Marta was invited to be part of the Instituto Paulista de Oceanografia, the first institute of oceanography research in Brazil, which was part of the Agriculture Department. Together with Wladimir Besnard, who was the institute director, they shared the views that the institute should focus more than just fishing but on oceanographic science research in general. That is why they worked to get the institute incorporated into the University of São Paulo. The entire process happened in nine months, and the institute was renamed Instituto Oceanográfico, becoming a research institute at the University of São Paulo in 1951.

Under the knowledge and influence of Wladimir Besnard, who was studying in Cananéia, a region rich in mangroves, Marta had an opportunity to specialise in mangrove ecosystems. In 1956, Marta earned a scholarship from UNESCO to research at the University of Marine Biological Station Millport, having the opportunity to visit other research centres in Scotland and learn techniques to study plankton.

She became the first woman director of the Instituto Oceanográfico in 1964. During her management, she organised post-graduate courses, started the construction of the institute building at the University of São Paulo, and negotiated the purchase and followed the construction of the first Brazilian oceanography research ship, which was named to honour the institute's first director, Wladimir Besnard. And in 1966, she was the first woman to become a full member of the Brazilian Academy of Sciences.

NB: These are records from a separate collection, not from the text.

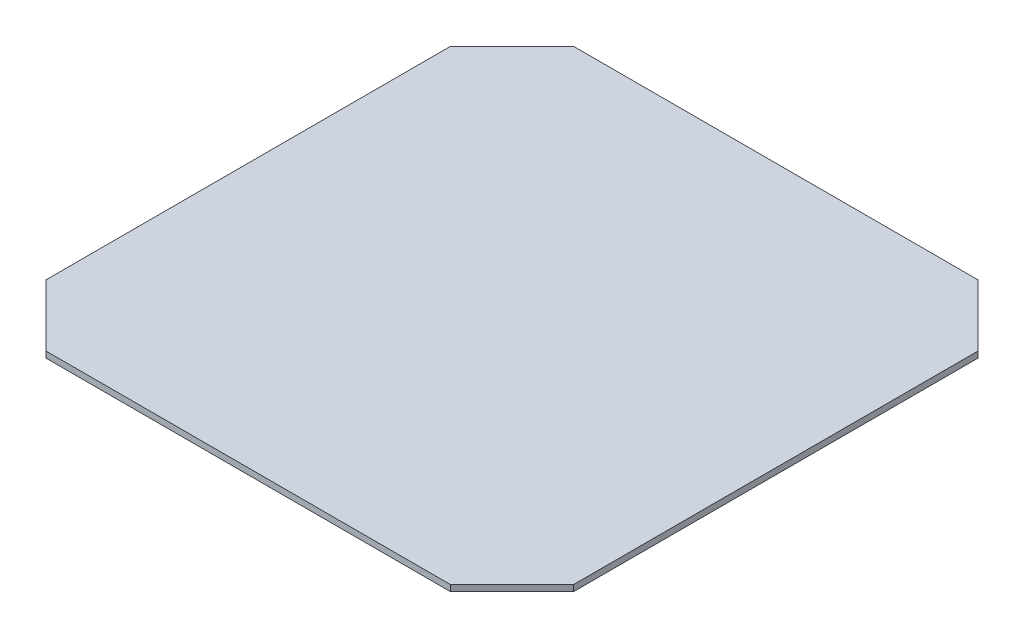
from build123d import *

# Parameters (mm, degrees)
ESBO_O1_W                = 214
ESBO_O1_H                = 214
ESBO_O1_R                = 2.5
RESSALTO_EXTRUS_O1_DEPTH = 1.25
CHANFRO1_SIZE            = 25


with BuildPart() as part:
    # Esboço1 → Ressalto-extrusão1 (new, symmetric)
    with BuildSketch(Plane(origin=(0, 0, 0), x_dir=(1, 0, 0), z_dir=(0, 1, 0))):
        Rectangle(ESBO_O1_W, ESBO_O1_H)
        with Locations(Location((100, 100, 0), (0, 0, 270))):
            Circle(ESBO_O1_R, mode=Mode.SUBTRACT)
        with Locations(Location((-100, 100, 0), (0, 0, 90))):
            Circle(ESBO_O1_R, mode=Mode.SUBTRACT)
        with Locations(Location((100, -100, 0), (0, 0, 90))):
            Circle(ESBO_O1_R, mode=Mode.SUBTRACT)
        with Locations(Location((-100, -100, 0), (0, 0, 270))):
            Circle(ESBO_O1_R, mode=Mode.SUBTRACT)
    extrude(amount=RESSALTO_EXTRUS_O1_DEPTH, both=True)

    # Chanfro1
    chanfro1_edges = [part.edges().sort_by_distance(p)[0] for p in [
        (-107, 0, 107),
        (107, 0, 107),
        (107, 0, -107),
        (-107, 0, -107),
    ]]
    chamfer(chanfro1_edges, length=CHANFRO1_SIZE)


solid = part.part
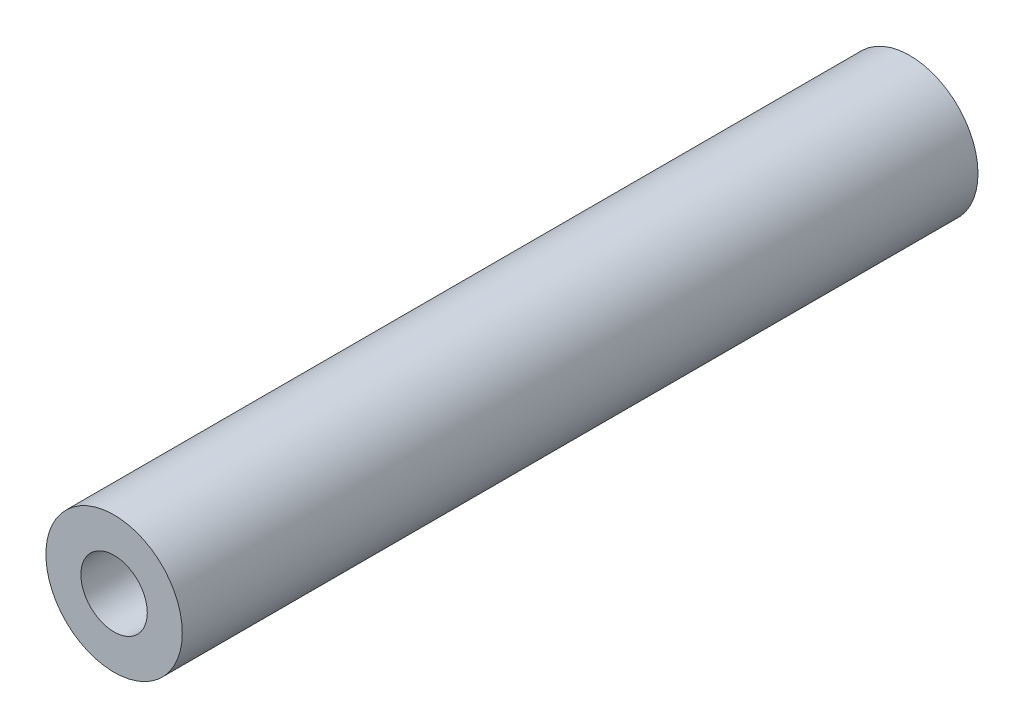
from build123d import *

# Parameters (mm, degrees)
SKETCH1_R           = 6
BOSS_EXTRUDE1_DEPTH = 35
SKETCH2_R           = 2.921
CUT_EXTRUDE1_DEPTH  = 25.4
FILLET1_R           = 2.5


with BuildPart() as part:
    # Sketch1 → Boss-Extrude1 (new, symmetric)
    with BuildSketch(Plane.XY):
        Circle(SKETCH1_R)
    extrude(amount=BOSS_EXTRUDE1_DEPTH, both=True)

    # Sketch2 → Cut-Extrude1 (cut)
    with BuildSketch(Plane.XY.offset(35)):
        Circle(SKETCH2_R)
    cut_extrude1 = extrude(amount=-CUT_EXTRUDE1_DEPTH, mode=Mode.SUBTRACT)

    # Mirror1: Cut-Extrude1 across plane
    add(cut_extrude1.mirror(Plane.XY), mode=Mode.SUBTRACT)

    # Fillet1
    fillet1_edges = [part.edges().sort_by_distance(p)[0] for p in [
        (-2.921, 0, -9.6),
        (-2.921, 0, 9.6),
    ]]
    fillet(fillet1_edges, radius=FILLET1_R)


solid = part.part

From 1969 to 1971, she worked for UNESCO at the Indian Ocean Biological Centre at Cochin in India as a curator of the international Indian Ocean expedition plankton collections. She moved to Mexico in 1972 to work at the Universidad Autónoma de México and returned to India in 1974 as the UNESCO director regional officer in Delhi. From 1982 to 1990, she became the chief technical advisor of UNDP/UNESCO programmes on mangroves in the Asian and Pacific regions.

In 1989, Marta published a book about the relationship of humans and mangroves for non-specialists called "The Mangroves and Us: a synthesis of Insights." The first Portuguese edition of the book was published in 1999. For 15 years, Marta was invited by Dr Shigeyuki Baba to teach a mangrove course to international students in Japan. Through this work, she had the chance to contribute to a collaborative publication of a world mangrove atlas.

From 1990 to 1999, Marta was the vice president of the International Society for Mangrove Ecosystems, becoming the acting President in 1999 and, in the following year, an Honorary adviser for the Society.

In 1997, she received, from the Brazilian President, the Grand Cross of the Order of Scientific Merit.

Marta became internationally known for her work in biological oceanography, with over 100 published scientific papers. Many scientists who knew Marta would call her "Mother of Mangroves".

Marta retired from UNESCO in 1989.

== Personal life ==
Marta got married twice and had two sons, Érico and Dino. During an interview with the Brazilian Academy of Sciences, she stated it "is actually difficult to reconcile the life of a wife and mother with that of a scientist".

Marta died on 15 January 2021 in São Paulo at 99 years old.